# Now what...



## Researcher31726 (Jan 19, 2006)

What are y'all going to be doing until next deer season? Do any of you small game hunt or turkey hunt?


----------



## Jim Ammons (Jan 19, 2006)

Small game hunt, turkey hunt, trim fire breaks, clear trails, overseed fall plots, plant summer plots, scout, target practice and on and on and on!!


----------



## Son (Jan 19, 2006)

*Now what?*

Going to get me some squirrels. Boil 'em in a big pot of water, seasoning and one big quartz rock. When done, will throw the squirrels away and eat the rock.
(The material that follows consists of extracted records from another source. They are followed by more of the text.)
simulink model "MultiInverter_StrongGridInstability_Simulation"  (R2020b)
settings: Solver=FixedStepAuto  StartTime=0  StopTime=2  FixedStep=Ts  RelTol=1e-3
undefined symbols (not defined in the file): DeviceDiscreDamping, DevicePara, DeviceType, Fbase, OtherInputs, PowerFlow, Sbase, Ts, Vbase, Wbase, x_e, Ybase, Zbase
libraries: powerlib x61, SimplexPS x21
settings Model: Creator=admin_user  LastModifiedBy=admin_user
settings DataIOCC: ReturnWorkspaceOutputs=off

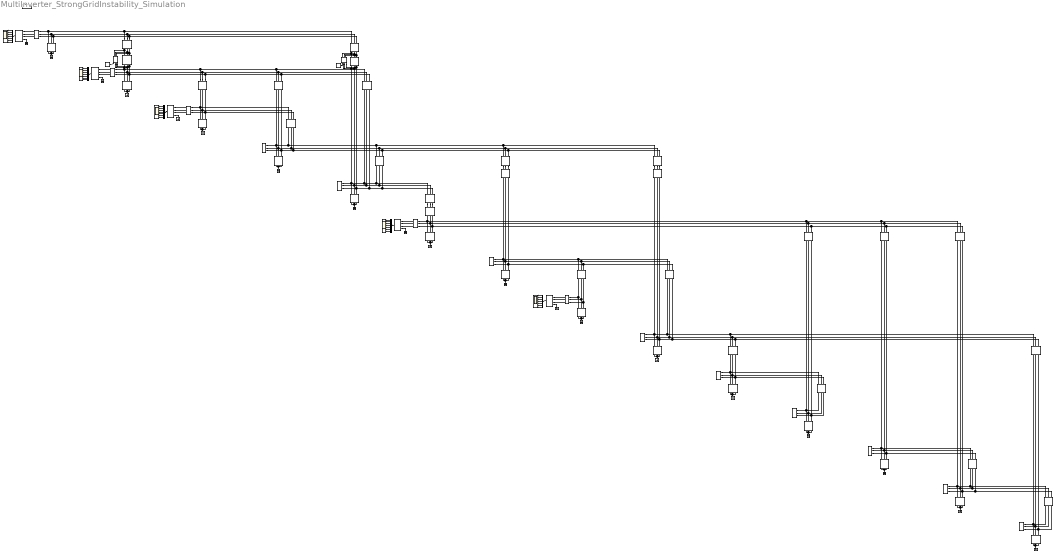
== system MultiInverter_StrongGridInstability_Simulation ==
  B-GND{1,4,8,10,14,16,20,23..24,27,29..30,32,34} (14 alike) : powerlib/Elements/Ground  LConnTagsString=a
  Branch1010 : powerlib/Elements/Three-Phase Parallel RLC Branch  LConnTagsString=A|B|C  RConnTagsString=A|B|C  BranchType=RLC  Resistance=(11.8667)*Zbase  Inductance=(18.4139)*Zbase/Wbase  Capacitance=(1e-05)*Ybase/Wbase  Measurements=None
      settings: SourceProductBaseCode=PS
  Branch1011 : powerlib/Elements/Three-Phase Series RLC Branch  LConnTagsString=A|B|C  RConnTagsString=A|B|C  BranchType=RL  Resistance=(0.08205)*Zbase  Inductance=(0.19207)*Zbase/Wbase  Capacitance=1e-6  Measurements=None
  Branch11 : powerlib/Elements/Three-Phase Parallel RLC Branch  LConnTagsString=A|B|C  RConnTagsString=A|B|C  BranchType=C  Resistance=(Inf)*Zbase  Inductance=1e-3  Capacitance=(0.102)*Ybase/Wbase  Measurements=None
      settings: SourceProductBaseCode=PS
  Branch1111 : powerlib/Elements/Three-Phase Parallel RLC Branch  LConnTagsString=A|B|C  RConnTagsString=A|B|C  BranchType=RLC  Resistance=(31.8511)*Zbase  Inductance=(61.9328)*Zbase/Wbase  Capacitance=(1e-05)*Ybase/Wbase  Measurements=None
      settings: SourceProductBaseCode=PS
  Branch12 : powerlib/Elements/Three-Phase Series RLC Branch  LConnTagsString=A|B|C  RConnTagsString=A|B|C  BranchType=RL  Resistance=(0.01938)*Zbase/5  Inductance=(0.05917)*Zbase/Wbase/5  Capacitance=1e-6  Measurements=None
  Branch1212 : powerlib/Elements/Three-Phase Parallel RLC Branch  LConnTagsString=A|B|C  RConnTagsString=A|B|C  BranchType=RLC  Resistance=(18.8878)*Zbase  Inductance=(72.0098)*Zbase/Wbase  Capacitance=(1e-05)*Ybase/Wbase  Measurements=None
      settings: SourceProductBaseCode=PS
  Branch1213 : powerlib/Elements/Three-Phase Series RLC Branch  LConnTagsString=A|B|C  RConnTagsString=A|B|C  BranchType=RL  Resistance=(0.22092)*Zbase  Inductance=(0.19988)*Zbase/Wbase  Capacitance=1e-6  Measurements=None
  Branch12_v1 : powerlib/Elements/Three-Phase Series RLC Branch  LConnTagsString=A|B|C  RConnTagsString=A|B|C  BranchType=RL  Resistance=(0.01938)*Zbase/5*4  Inductance=(0.05917)*Zbase/Wbase/5*4  Capacitance=1e-6  Measurements=None
  Branch1313 : powerlib/Elements/Three-Phase Parallel RLC Branch  LConnTagsString=A|B|C  RConnTagsString=A|B|C  BranchType=RLC  Resistance=(8.2956)*Zbase  Inductance=(19.3087)*Zbase/Wbase  Capacitance=(1e-05)*Ybase/Wbase  Measurements=None
      settings: SourceProductBaseCode=PS
  Branch1314 : powerlib/Elements/Three-Phase Series RLC Branch  LConnTagsString=A|B|C  RConnTagsString=A|B|C  BranchType=RL  Resistance=(0.17093)*Zbase  Inductance=(0.34802)*Zbase/Wbase  Capacitance=1e-6  Measurements=None
  Branch1414 : powerlib/Elements/Three-Phase Parallel RLC Branch  LConnTagsString=A|B|C  RConnTagsString=A|B|C  BranchType=RLC  Resistance=(7.0495)*Zbase  Inductance=(21.0075)*Zbase/Wbase  Capacitance=(1e-05)*Ybase/Wbase  Measurements=None
      settings: SourceProductBaseCode=PS
  Branch15 : powerlib/Elements/Three-Phase Series RLC Branch  LConnTagsString=A|B|C  RConnTagsString=A|B|C  BranchType=RL  Resistance=(0.05403)*Zbase/5  Inductance=(0.22304)*Zbase/Wbase/5  Capacitance=1e-6  Measurements=None
  Branch15_v1 : powerlib/Elements/Three-Phase Series RLC Branch  LConnTagsString=A|B|C  RConnTagsString=A|B|C  BranchType=RL  Resistance=(0.05403)*Zbase/5*4  Inductance=(0.22304)*Zbase/Wbase/5*4  Capacitance=1e-6  Measurements=None
  Branch22 : powerlib/Elements/Three-Phase Parallel RLC Branch  LConnTagsString=A|B|C  RConnTagsString=A|B|C  BranchType=RLC  Resistance=(5.0324)*Zbase  Inductance=(8.5986)*Zbase/Wbase  Capacitance=(0.1652)*Ybase/Wbase  Measurements=None
      settings: SourceProductBaseCode=PS
  Branch23 : powerlib/Elements/Three-Phase Series RLC Branch  LConnTagsString=A|B|C  RConnTagsString=A|B|C  BranchType=RL  Resistance=(0.04699)*Zbase  Inductance=(0.19797)*Zbase/Wbase  Capacitance=1e-6  Measurements=None
  Branch24 : powerlib/Elements/Three-Phase Series RLC Branch  LConnTagsString=A|B|C  RConnTagsString=A|B|C  BranchType=RL  Resistance=(0.05811)*Zbase  Inductance=(0.17632)*Zbase/Wbase  Capacitance=1e-6  Measurements=None
  Branch25 : powerlib/Elements/Three-Phase Series RLC Branch  LConnTagsString=A|B|C  RConnTagsString=A|B|C  BranchType=RL  Resistance=(0.05695)*Zbase  Inductance=(0.17388)*Zbase/Wbase  Capacitance=1e-6  Measurements=None
  Branch33 : powerlib/Elements/Three-Phase Parallel RLC Branch  LConnTagsString=A|B|C  RConnTagsString=A|B|C  BranchType=RLC  Resistance=(1.0829)*Zbase  Inductance=(5.3689)*Zbase/Wbase  Capacitance=(0.0566)*Ybase/Wbase  Measurements=None
      settings: SourceProductBaseCode=PS
  Branch34 : powerlib/Elements/Three-Phase Series RLC Branch  LConnTagsString=A|B|C  RConnTagsString=A|B|C  BranchType=RL  Resistance=(0.06701)*Zbase  Inductance=(0.17103)*Zbase/Wbase  Capacitance=1e-6  Measurements=None
  Branch44 : powerlib/Elements/Three-Phase Parallel RLC Branch  LConnTagsString=A|B|C  RConnTagsString=A|B|C  BranchType=RC  Resistance=(2.196)*Zbase  Inductance=1e-3  Capacitance=(0.083954)*Ybase/Wbase  Measurements=None
      settings: SourceProductBaseCode=PS
  Branch45 : powerlib/Elements/Three-Phase Series RLC Branch  LConnTagsString=A|B|C  RConnTagsString=A|B|C  BranchType=RL  Resistance=(0.01335)*Zbase  Inductance=(0.04211)*Zbase/Wbase  Capacitance=1e-6  Measurements=None
  Branch47 : powerlib/Elements/Three-Phase Series RLC Branch  LConnTagsString=A|B|C  RConnTagsString=A|B|C  BranchType=RL  Resistance=(0.020912)*Zbase  Inductance=(0.20912)*Zbase/Wbase  Capacitance=1e-6  Measurements=None
  Branch49 : powerlib/Elements/Three-Phase Series RLC Branch  LConnTagsString=A|B|C  RConnTagsString=A|B|C  BranchType=RL  Resistance=(0.055618)*Zbase  Inductance=(0.55618)*Zbase/Wbase  Capacitance=1e-6  Measurements=None
  Branch55 : powerlib/Elements/Three-Phase Parallel RLC Branch  LConnTagsString=A|B|C  RConnTagsString=A|B|C  BranchType=RLC  Resistance=(13.9338)*Zbase  Inductance=(66.1856)*Zbase/Wbase  Capacitance=(0.0838)*Ybase/Wbase  Measurements=None
      settings: SourceProductBaseCode=PS
  Branch56 : powerlib/Elements/Three-Phase Series RLC Branch  LConnTagsString=A|B|C  RConnTagsString=A|B|C  BranchType=RL  Resistance=(0.025202)*Zbase  Inductance=(0.25202)*Zbase/Wbase  Capacitance=1e-6  Measurements=None
  Branch611 : powerlib/Elements/Three-Phase Series RLC Branch  LConnTagsString=A|B|C  RConnTagsString=A|B|C  BranchType=RL  Resistance=(0.09498)*Zbase  Inductance=(0.1989)*Zbase/Wbase  Capacitance=1e-6  Measurements=None
  Branch612 : powerlib/Elements/Three-Phase Series RLC Branch  LConnTagsString=A|B|C  RConnTagsString=A|B|C  BranchType=RL  Resistance=(0.12291)*Zbase  Inductance=(0.25581)*Zbase/Wbase  Capacitance=1e-6  Measurements=None
  Branch613 : powerlib/Elements/Three-Phase Series RLC Branch  LConnTagsString=A|B|C  RConnTagsString=A|B|C  BranchType=RL  Resistance=(0.06615)*Zbase  Inductance=(0.13027)*Zbase/Wbase  Capacitance=1e-6  Measurements=None
  Branch66 : powerlib/Elements/Three-Phase Parallel RLC Branch  LConnTagsString=A|B|C  RConnTagsString=A|B|C  BranchType=RLC  Resistance=(10.2223)*Zbase  Inductance=(15.2653)*Zbase/Wbase  Capacitance=(1e-05)*Ybase/Wbase  Measurements=None
      settings: SourceProductBaseCode=PS
  Branch77 : powerlib/Elements/Three-Phase Parallel RLC Branch  LConnTagsString=A|B|C  RConnTagsString=A|B|C  BranchType=C  Resistance=(Inf)*Zbase  Inductance=1e-3  Capacitance=(1e-05)*Ybase/Wbase  Measurements=None
      settings: SourceProductBaseCode=PS
  Branch78 : powerlib/Elements/Three-Phase Series RLC Branch  LConnTagsString=A|B|C  RConnTagsString=A|B|C  BranchType=RL  Resistance=(0.017615)*Zbase  Inductance=(0.17615)*Zbase/Wbase  Capacitance=1e-6  Measurements=None
  Branch79 : powerlib/Elements/Three-Phase Series RLC Branch  LConnTagsString=A|B|C  RConnTagsString=A|B|C  BranchType=RL  Resistance=(0.011001)*Zbase  Inductance=(0.11001)*Zbase/Wbase  Capacitance=1e-6  Measurements=None
  Branch88 : powerlib/Elements/Three-Phase Parallel RLC Branch  LConnTagsString=A|B|C  RConnTagsString=A|B|C  BranchType=C  Resistance=(Inf)*Zbase  Inductance=1e-3  Capacitance=(1e-05)*Ybase/Wbase  Measurements=None
      settings: SourceProductBaseCode=PS
  Branch910 : powerlib/Elements/Three-Phase Series RLC Branch  LConnTagsString=A|B|C  RConnTagsString=A|B|C  BranchType=RL  Resistance=(0.03181)*Zbase  Inductance=(0.0845)*Zbase/Wbase  Capacitance=1e-6  Measurements=None
  Branch914 : powerlib/Elements/Three-Phase Series RLC Branch  LConnTagsString=A|B|C  RConnTagsString=A|B|C  BranchType=RL  Resistance=(0.12711)*Zbase  Inductance=(0.27038)*Zbase/Wbase  Capacitance=1e-6  Measurements=None
  Branch99 : powerlib/Elements/Three-Phase Parallel RLC Branch  LConnTagsString=A|B|C  RConnTagsString=A|B|C  BranchType=RLC  Resistance=(3.6116)*Zbase  Inductance=(6.4182)*Zbase/Wbase  Capacitance=(1e-05)*Ybase/Wbase  Measurements=None
      settings: SourceProductBaseCode=PS
  Bus{1..14} (14 alike) : SimplexPS/Three-Phase Bus  Vbase=1  Sbase=1
      settings: SourceProductName=Simplex Power Systems
  D-GND{1..3,6,8} (5 alike) : powerlib/Elements/Ground  LConnTagsString=a
  D-Scope{1..3,6,8} (5 alike) : Scope  NumInputPorts=7
  DS-Bus{1..3,6,8} (5 alike) : BusSelector  OutputSignals=v_dq,i_dq,v_abc,i_abc,w,theta,pq
  Single Pulse : SimplexPS/Single Pulse  t0=1  dt=0.4  Am=1
      settings: SourceProductName=Simplex Power Systems
  Single Pulse1 : SimplexPS/Single Pulse  t0=1  dt=0.4  Am=1
      settings: SourceProductName=Simplex Power Systems
  Three-Phase Breaker : powerlib/Elements/Three-Phase Breaker  InitialState=open  SwitchA=on  SwitchB=on  SwitchC=on  SwitchTimes="[1/60  5/60]"  External=on  BreakerResistance=0.01  SnubberResistance=1e6  SnubberCapacitance=inf  Measurements=None
  Three-Phase Breaker1 : powerlib/Elements/Three-Phase Breaker  InitialState=open  SwitchA=on  SwitchB=on  SwitchC=on  SwitchTimes="[1/60  5/60]"  External=on  BreakerResistance=0.01  SnubberResistance=1e6  SnubberCapacitance=inf  Measurements=None
  Transformer47 : powerlib/Elements/Three-Phase Transformer (Two Windings)  Winding1Connection=Yg  Winding2Connection=Yg  CoreType=Three single-phase transformers  SetSaturation=off  Hysteresis=off  DataFile='hysteresis'  SetInitialFlux=off  Measurements=None  UNITS=pu  NominalPower=[Sbase, Fbase]  Winding1=[0.978*Vbase, 0, 0]  Winding2=[Vbase, 0, 0]  Rm=1e4  Lm=1e4  L0=0.5  Saturation=[ 0,0 ; 0.0024,1.2 ; 1.0,1.52 ]  InitialFluxes=[ 0.8 , -0.8 , 0.7 ]  BreakLoop=off  DiscreteSolver=Trapezoidal iterative  DataType=off  TransfoNumber=1
  Transformer49 : powerlib/Elements/Three-Phase Transformer (Two Windings)  Winding1Connection=Yg  Winding2Connection=Yg  CoreType=Three single-phase transformers  SetSaturation=off  Hysteresis=off  DataFile='hysteresis'  SetInitialFlux=off  Measurements=None  UNITS=pu  NominalPower=[Sbase, Fbase]  Winding1=[0.969*Vbase, 0, 0]  Winding2=[Vbase, 0, 0]  Rm=1e4  Lm=1e4  L0=0.5  Saturation=[ 0,0 ; 0.0024,1.2 ; 1.0,1.52 ]  InitialFluxes=[ 0.8 , -0.8 , 0.7 ]  BreakLoop=off  DiscreteSolver=Trapezoidal iterative  DataType=off  TransfoNumber=1
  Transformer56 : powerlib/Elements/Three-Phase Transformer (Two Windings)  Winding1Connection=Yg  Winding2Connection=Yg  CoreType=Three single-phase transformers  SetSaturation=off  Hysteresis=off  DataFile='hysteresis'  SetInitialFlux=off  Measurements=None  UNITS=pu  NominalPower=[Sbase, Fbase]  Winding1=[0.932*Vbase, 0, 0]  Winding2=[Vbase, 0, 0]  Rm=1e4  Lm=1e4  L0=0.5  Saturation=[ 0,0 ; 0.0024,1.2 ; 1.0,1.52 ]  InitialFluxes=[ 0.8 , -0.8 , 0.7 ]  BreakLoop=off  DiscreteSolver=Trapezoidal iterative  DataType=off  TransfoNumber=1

Seriously, Am planning on squirrel hunting for some good eating and some of the best gravy one can make. One thing you can bet i'll be doing while squirrel hunting is, try and figure out how those big bucks avoided me during deer season. I already know the flooded ponds and fields gave them an advantage. Our woods are a challenging place to hunt even for the best of hunters when dry. Sometimes it seems the deer are gone, but can suddenly appear again as if somebody turned them loose. Will also be tending the winter plots to assure they remain green. Then it's turkey hunting. Love the woods in the spring, lots of birds, cool mornings and nice days. Then it's time to get in some summer plots (something we couldn't do last year cause of an oncoming thinning of timber) All the timber thinning is done now, the woods remain flooded from recent rains so you can bet I'll be watching where I sit during turkey season. Our woods have an abundance of cottonmouths this year for some reason.


----------



## Researcher31726 (Jan 20, 2006)

I have heard of "stone soup" and "swamp gravy"(Colquitt), but not quartz rock soup!


----------



## Researcher31726 (Jan 20, 2006)

Sound like tou guys will be busy, too.


----------



## SouthPaw Draw (Jan 20, 2006)

Plan on bow hunting until the end of January. Then turkey hunt, yote and pig hunt also. Then continue looking for a new club to get in for next deer season.


----------



## Researcher31726 (Jan 20, 2006)

Good luck, SPD! You'll hunt in N GA, now? What part of of SWGA did you hunt?


----------



## ponyboy (Jan 21, 2006)

scout , shed hunt ,  n more scouting ..........


----------



## Jim Thompson (Jan 21, 2006)

ALWAYS a reason to be in the woods


----------



## Researcher31726 (Jan 21, 2006)

That's the truth!


----------